I noted in some pix in a recent thread that Ranger72 also has a Cimarron Deluxe. We've exchanged pm's RE our common cooker. He thought my firebox door mod might be interesting to the group, and suggested I put pix in a thread. Normally I would consider the Cimarron to be a wood smoker, but did this mod to facilitate better control for doing a modified Minion method burn that gives me 3hr unattended burns so posted in the charcoal section (Jeff feel free to move this if need be)

Got the idea for my modified Minion method burn from the TeddybearBBQ site a while back, tried it in my cooker and it worked ok, but the poor fit of the firebox door didn't give the necessary oxygen control to get the maximum benefit of this method.


----------



## scott in kc (Feb 16, 2006)

I cleaned all the sawdust out of my tablesaw, installed a metal cutting abrasive blade and used some flat stock to make a flange to seal up the door.
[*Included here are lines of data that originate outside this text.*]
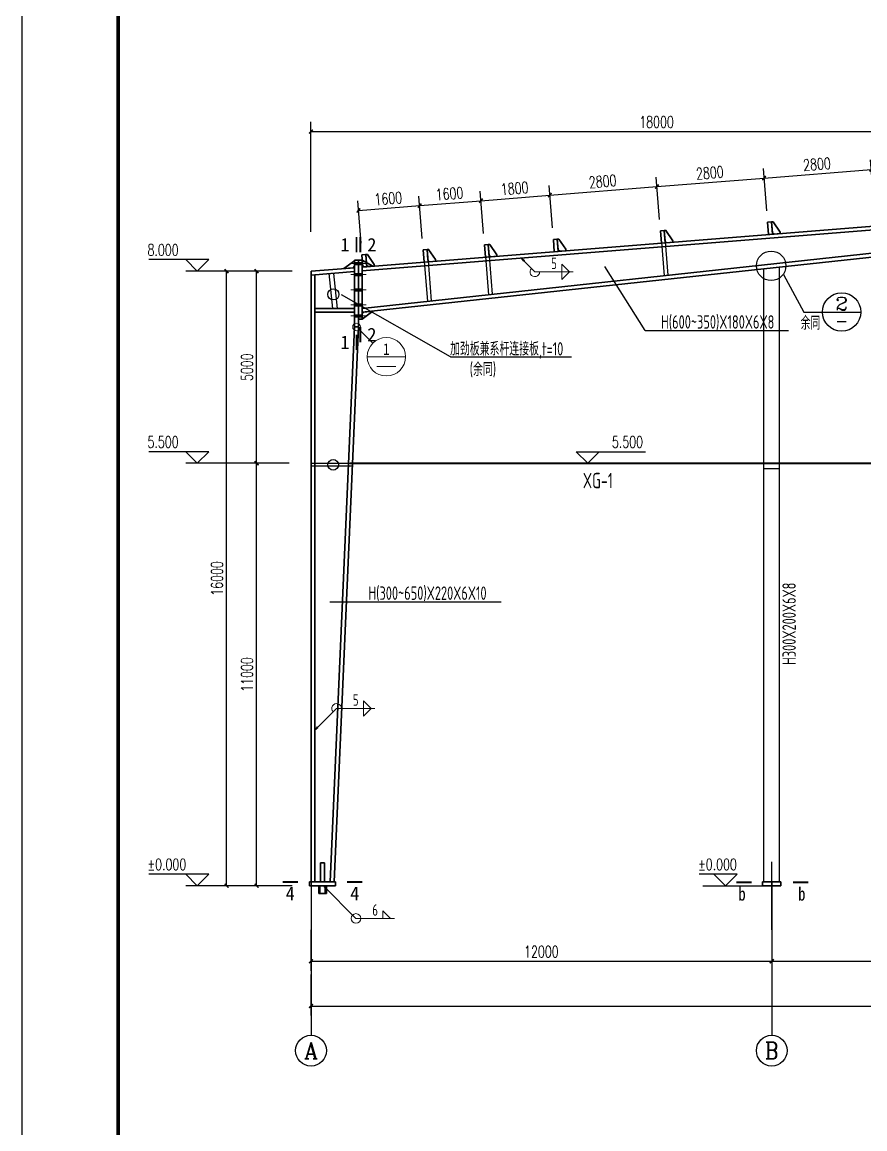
# Model space of a CAD drawing. Header units: millimetres. Extents: x 4533265 to 4958735, y 18976699 to 19555898.
# Drawn here: x 4572584 to 4594534, y 19006774 to 19035586 of the extents above; entities that cross this region are included whole.
import ezdxf
from ezdxf.enums import TextEntityAlignment as Align

# ---------------------------------------------------------------- set-up
doc = ezdxf.new("R2010")
doc.units = ezdxf.units.MM
doc.header["$LTSCALE"] = 1000
doc.header["$MEASUREMENT"] = 0
doc.linetypes.add('DOTE', pattern=[2.42, 2, -0.2, 0.02, -0.2])
doc.layers.get('Defpoints').update_dxf_attribs({"color": 1})
for name, color, linetype, lineweight in [('10', 7, 'Continuous', 35), ('114', 2, 'Continuous', 18), ('116', 1, 'Continuous', 35), ('12', 2, 'Continuous', 35), ('14', 2, 'Continuous', 35), ('墙线__粗线', 7, 'Continuous', 18), ('焊缝标注', 9, 'Continuous', 18), ('索引符号标注', 9, 'Continuous', 18)]:
    doc.layers.add(name, color=color, linetype=linetype, lineweight=lineweight)
for name, color, linetype in [('11', 3, 'Continuous'), ('3T_WOOD', 21, 'Continuous'), ('AXIS', 145, 'Continuous'), ('AXIS_TEXT', 7, 'Continuous'), ('BALCONY', 6, 'Continuous'), ('DIM_ELEV', 3, 'Continuous'), ('FRAMING', 2, 'Continuous'), ('PUB_DIM', 161, 'Continuous'), ('PUB_TEXT', 7, 'Continuous'), ('TK', 4, 'Continuous')]:
    doc.layers.add(name, color=color, linetype=linetype)
doc.styles.add('_TCH_AXIS', font='COMPLEX', dxfattribs={"bigfont": 'GBCBIG'})
doc.styles.add('_TCH_DIM', font='SIMPLEX', dxfattribs={"bigfont": 'GBCBIG'})
doc.styles.add('_TCH_DIM_T3', font='SIMPLEX', dxfattribs={"width": 0.705882, "bigfont": 'GBCBIG'})
doc.styles.add('COMP', font='COMPLEX.shx', dxfattribs={"bigfont": 'hztxt'})
doc.styles.add('COMPLEX', font='COMPLEX')
doc.styles.add('FromPkpm', font='Pkpmeng', dxfattribs={"width": 0.7, "bigfont": 'hztxt'})
doc.styles.add('TSSD_Dimension', font='Tssdeng.shx', dxfattribs={"width": 0.7, "bigfont": 'hztxt.shx'})
doc.styles.add('TSSD_REIN', font='tssdeng.shx', dxfattribs={"width": 0.7, "bigfont": 'tssdchn.shx'})
doc.styles.add('图框', font='')
doc.styles.add('图框字体', font='', dxfattribs={"width": 0.8})
doc.styles.add('宋体', font='', dxfattribs={"width": 0.8})
doc.styles.get('图框').set_extended_font_data('SimSun')
doc.styles.get('图框字体').set_extended_font_data('NSimSun')
doc.styles.get('宋体').set_extended_font_data('SimSun')
doc.dimstyles.new('_TCH_ARCH&&100', dxfattribs={"dimtxt": 297.5, "dimasz": 100, "dimexe": 250, "dimexo": 300, "dimgap": 100, "dimtad": 1, "dimdec": 0, "dimzin": 0, "dimdsep": 46, "dimtxsty": '_TCH_DIM_T3', "dimblk": 'ARCHTICK', "dimcen": 0.09, "dimclrt": 7, "dimazin": 2, "dimtfac": 1, "dimtdec": 0, "dimtix": 1, "dimtmove": 2, "dimatfit": 3, "dimfxl": 0, "dimtolj": 1, "dimtzin": 0, "dimarcsym": 0})

# ---------------------------------------------------------------- blocks, each defined once
blk = doc.blocks.new('GeYuanFrame_57750433', base_point=(20.09, 4.53))
at = {"layer": 'TK'}
blk.add_lwpolyline([(20.09, 4.53), (20.09, 598.53), (861.09, 598.53), (861.09, 4.53)], close=True, dxfattribs=at)
at = {"layer": 'TK', "const_width": 1}
blk.add_lwpolyline([(45.09, 588.53), (851.09, 588.53), (851.09, 14.53), (45.09, 14.53)], close=True, dxfattribs=at)
blk = doc.blocks.new('_INDEX')
blk.add_line((-0.5, 0), (0.5, 0))
blk.add_circle((0, 0), 0.5)
at = {"style": 'COMP'}
for tag, width, p, p2 in [('1', 2.333333, (-0.17, 0.05), (0.17, 0.05)), ('-', 1.166667, (-0.17, -0.39), (0.17, -0.39))]:
    blk.add_attdef(tag, text='', height=0.34, dxfattribs=dict(at, width=width)).set_placement(p, p2, align=Align.FIT)
blk = doc.blocks.new('_ArchTick')
at = {"color": 0, "linetype": 'ByBlock', "const_width": 0.4}
blk.add_lwpolyline([(-0.5, -0.5), (0.5, 0.5)], dxfattribs=at)
blk = doc.blocks.new('*D776')
at = {"layer": 'Defpoints', "color": 0}
for p in [(4580108, 19011088), (4616108, 19011088), (4616108, 19009971)]:
    blk.add_point(p, dxfattribs=at)
at = {"layer": 'PUB_DIM', "color": 0, "lineweight": -2}
for p, q in [((4580108, 19010788), (4580108, 19009721)), ((4616108, 19010788), (4616108, 19009721)), ((4580108, 19009971), (4616108, 19009971))]:
    blk.add_line(p, q, dxfattribs=at)
at = {"layer": 'PUB_DIM', "color": 0, "lineweight": -2, "xscale": 100, "yscale": 100, "zscale": 100, "rotation": 180}
blk.add_blockref('_ArchTick', (4580108, 19009971), dxfattribs=at)
at = {"layer": 'PUB_DIM', "color": 0, "lineweight": -2, "xscale": 100, "yscale": 100, "zscale": 100}
blk.add_blockref('_ArchTick', (4616108, 19009971), dxfattribs=at)
at = {"layer": 'PUB_DIM', "color": 7, "insert": (4598108, 19010220), "char_height": 297.5, "attachment_point": 5, "style": '_TCH_DIM_T3'}
blk.add_mtext('\\A1;36000', dxfattribs=at)
blk = doc.blocks.new('*D777')
at = {"layer": 'Defpoints', "color": 0}
for p in [(4580108, 19012254), (4592108, 19012254), (4592108, 19011138)]:
    blk.add_point(p, dxfattribs=at)
at = {"layer": 'PUB_DIM', "color": 0, "lineweight": -2}
for p, q in [((4580108, 19011954), (4580108, 19010888)), ((4592108, 19011954), (4592108, 19010888)), ((4580108, 19011138), (4592108, 19011138))]:
    blk.add_line(p, q, dxfattribs=at)
at = {"layer": 'PUB_DIM', "color": 0, "lineweight": -2, "xscale": 100, "yscale": 100, "zscale": 100, "rotation": 180}
blk.add_blockref('_ArchTick', (4580108, 19011138), dxfattribs=at)
at = {"layer": 'PUB_DIM', "color": 0, "lineweight": -2, "xscale": 100, "yscale": 100, "zscale": 100}
blk.add_blockref('_ArchTick', (4592108, 19011138), dxfattribs=at)
at = {"layer": 'PUB_DIM', "color": 7, "insert": (4586108, 19011386), "char_height": 297.5, "attachment_point": 5, "style": '_TCH_DIM_T3'}
blk.add_mtext('\\A1;12000', dxfattribs=at)
blk = doc.blocks.new('*D778')
at = {"layer": 'Defpoints', "color": 0}
for p in [(4592108, 19012254), (4604108, 19012254), (4604108, 19011138)]:
    blk.add_point(p, dxfattribs=at)
at = {"layer": 'PUB_DIM', "color": 0, "lineweight": -2}
for p, q in [((4592108, 19011954), (4592108, 19010888)), ((4604108, 19011954), (4604108, 19010888)), ((4592108, 19011138), (4604108, 19011138))]:
    blk.add_line(p, q, dxfattribs=at)
at = {"layer": 'PUB_DIM', "color": 0, "lineweight": -2, "xscale": 100, "yscale": 100, "zscale": 100, "rotation": 180}
blk.add_blockref('_ArchTick', (4592108, 19011138), dxfattribs=at)
at = {"layer": 'PUB_DIM', "color": 0, "lineweight": -2, "xscale": 100, "yscale": 100, "zscale": 100}
blk.add_blockref('_ArchTick', (4604108, 19011138), dxfattribs=at)
at = {"layer": 'PUB_DIM', "color": 7, "insert": (4598108, 19011386), "char_height": 297.5, "attachment_point": 5, "style": '_TCH_DIM_T3'}
blk.add_mtext('\\A1;12000', dxfattribs=at)
blk = doc.blocks.new('*D789')
at = {"layer": 'Defpoints', "color": 0}
for p in [(4598108, 19032738), (4580108, 19029830), (4598108, 19029830)]:
    blk.add_point(p, dxfattribs=at)
at = {"layer": 'PUB_DIM', "color": 0, "lineweight": -2}
for p, q in [((4580108, 19030130), (4580108, 19032988)), ((4598108, 19030130), (4598108, 19032988)), ((4580108, 19032738), (4598108, 19032738))]:
    blk.add_line(p, q, dxfattribs=at)
at = {"layer": 'PUB_DIM', "color": 0, "lineweight": -2, "xscale": 100, "yscale": 100, "zscale": 100, "rotation": 180}
blk.add_blockref('_ArchTick', (4580108, 19032738), dxfattribs=at)
at = {"layer": 'PUB_DIM', "color": 0, "lineweight": -2, "xscale": 100, "yscale": 100, "zscale": 100}
blk.add_blockref('_ArchTick', (4598108, 19032738), dxfattribs=at)
at = {"layer": 'PUB_DIM', "color": 7, "insert": (4589108, 19032987), "char_height": 297.5, "attachment_point": 5, "style": '_TCH_DIM_T3'}
blk.add_mtext('\\A1;18000', dxfattribs=at)
blk = doc.blocks.new('*D790')
at = {"layer": 'Defpoints', "color": 0}
for p in [(4582939, 19030809), (4583031, 19029657), (4581436, 19029530)]:
    blk.add_point(p, dxfattribs=at)
at = {"layer": 'PUB_DIM', "color": 0, "lineweight": -2}
for p, q in [((4581412, 19029829), (4581324, 19030931)), ((4581344, 19030682), (4582939, 19030809)), ((4583007, 19029956), (4582919, 19031059))]:
    blk.add_line(p, q, dxfattribs=at)
at = {"layer": 'PUB_DIM', "color": 0, "lineweight": -2, "xscale": 100, "yscale": 100, "zscale": 100}
for p, rotation in [((4582939, 19030809), 4.576220566124622), ((4581344, 19030682), 184.5762205661246)]:
    blk.add_blockref('_ArchTick', p, dxfattribs=dict(at, rotation=rotation))
at = {"layer": 'PUB_DIM', "color": 7, "insert": (4582121, 19030994), "char_height": 297.5, "attachment_point": 5, "rotation": 4.5762, "style": '_TCH_DIM_T3'}
blk.add_mtext('\\A1;1600', dxfattribs=at)
blk = doc.blocks.new('*D791')
at = {"layer": 'Defpoints', "color": 0}
for p in [(4584534, 19030937), (4583031, 19029657), (4584626, 19029785)]:
    blk.add_point(p, dxfattribs=at)
at = {"layer": 'PUB_DIM', "color": 0, "lineweight": -2}
for p, q in [((4584602, 19030084), (4584514, 19031186)), ((4583007, 19029956), (4582919, 19031059)), ((4582939, 19030809), (4584534, 19030937))]:
    blk.add_line(p, q, dxfattribs=at)
at = {"layer": 'PUB_DIM', "color": 0, "lineweight": -2, "xscale": 100, "yscale": 100, "zscale": 100}
for p, rotation in [((4582939, 19030809), 184.5762205660734), ((4584534, 19030937), 4.576220566073415)]:
    blk.add_blockref('_ArchTick', p, dxfattribs=dict(at, rotation=rotation))
at = {"layer": 'PUB_DIM', "color": 7, "insert": (4583716, 19031121), "char_height": 297.5, "attachment_point": 5, "rotation": 4.5762, "style": '_TCH_DIM_T3'}
blk.add_mtext('\\A1;1600', dxfattribs=at)
blk = doc.blocks.new('*D792')
at = {"layer": 'Defpoints', "color": 0}
for p in [(4586328, 19031081), (4586420, 19029929), (4584626, 19029785)]:
    blk.add_point(p, dxfattribs=at)
at = {"layer": 'PUB_DIM', "color": 0, "lineweight": -2}
for p, q in [((4584602, 19030084), (4584514, 19031186)), ((4584534, 19030937), (4586328, 19031081)), ((4586396, 19030228), (4586308, 19031330))]:
    blk.add_line(p, q, dxfattribs=at)
at = {"layer": 'PUB_DIM', "color": 0, "lineweight": -2, "xscale": 100, "yscale": 100, "zscale": 100}
for p, rotation in [((4586328, 19031081), 4.576220566201031), ((4584534, 19030937), 184.576220566201)]:
    blk.add_blockref('_ArchTick', p, dxfattribs=dict(at, rotation=rotation))
at = {"layer": 'PUB_DIM', "color": 7, "insert": (4585411, 19031257), "char_height": 297.5, "attachment_point": 5, "rotation": 4.5762, "style": '_TCH_DIM_T3'}
blk.add_mtext('\\A1;1800', dxfattribs=at)
blk = doc.blocks.new('*D793')
at = {"layer": 'Defpoints', "color": 0}
for p in [(4589119, 19031304), (4586420, 19029929), (4589211, 19030152)]:
    blk.add_point(p, dxfattribs=at)
at = {"layer": 'PUB_DIM', "color": 0, "lineweight": -2}
for p, q in [((4589187, 19030451), (4589099, 19031553)), ((4586396, 19030228), (4586308, 19031330)), ((4586328, 19031081), (4589119, 19031304))]:
    blk.add_line(p, q, dxfattribs=at)
at = {"layer": 'PUB_DIM', "color": 0, "lineweight": -2, "xscale": 100, "yscale": 100, "zscale": 100}
for p, rotation in [((4589119, 19031304), 4.576220566125869), ((4586328, 19031081), 184.5762205661259)]:
    blk.add_blockref('_ArchTick', p, dxfattribs=dict(at, rotation=rotation))
at = {"layer": 'PUB_DIM', "color": 7, "insert": (4587704, 19031440), "char_height": 297.5, "attachment_point": 5, "rotation": 4.5762, "style": '_TCH_DIM_T3'}
blk.add_mtext('\\A1;2800', dxfattribs=at)
blk = doc.blocks.new('*D794')
at = {"layer": 'Defpoints', "color": 0}
for p in [(4591910, 19031527), (4592002, 19030375), (4589211, 19030152)]:
    blk.add_point(p, dxfattribs=at)
at = {"layer": 'PUB_DIM', "color": 0, "lineweight": -2}
for p, q in [((4591978, 19030674), (4591890, 19031777)), ((4589187, 19030451), (4589099, 19031553)), ((4589119, 19031304), (4591910, 19031527))]:
    blk.add_line(p, q, dxfattribs=at)
at = {"layer": 'PUB_DIM', "color": 0, "lineweight": -2, "xscale": 100, "yscale": 100, "zscale": 100}
for p, rotation in [((4589119, 19031304), 184.5762205661436), ((4591910, 19031527), 4.576220566143591)]:
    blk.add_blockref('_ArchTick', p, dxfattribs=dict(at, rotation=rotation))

Works like a champ now, has been in place over a year and is holding up great.


To start my burn, I light up enough briq in a chimney to fill a 3# coffee can. While the coals get going, I put a 3# coffee can with both ends removed in the firebox right next to the smokebox. I then take another chimney of unlit briq and arrange it between the can and the firebox door along with 6 or 8  2"x 2" x 2" chunks of wood. 
When the coals are hot, I dump them into the can (to keep the lit material contained in one area) then remove the can. I add a chunk or 3 on top of the lit coals to get the pit up to temp a little faster. Once it hits about 175, I begin dialing the damper down to keep the fire under control. It eases on up to 225 and will stay there for almost 3 hours on the first load. 
When the initial load of fuel begins to dwindle, I push all the coals back up near the smokebox, add another chimney measure of briq, along with another 6 or 8 chunks and begin the process again. These subsequent additions run a full 3 hrs dead on 225 maybe 30 mins longer in warm weather.


----------



## Dutch (Feb 20, 2006)

Nice Mod you did there Scott and good pics too. Thanks for sharing!.


----------



## john c (Sep 30, 2007)

That looks great, why don t you make up a few sets and sell to your fellow Cimarron owners.
I just got one last week and haven t shut it off yet.
I did find that the Brinkmann people were asleep at the wheel. Mine had the Gas  regulator on backwards, some of the connections were loose and the gas controls were mounted upside down. The side burner was so out of shape I had to bend it with a large bar so that a pot could sit on it. I do find that the fire box has air gaps.
Does it make that big a differeance when sealed tightly?
Friend from the North  John C.


----------



## john c (Oct 8, 2007)

That looks really good. Do you find a real differance ? I just got my Cimarron 2 weeks ago and your're right about the sloppy fit.


----------



## deejaydebi (Oct 8, 2007)

I might try that on my sunglow it leaks too and the damp is real tiny.

Thanks Scott!


----------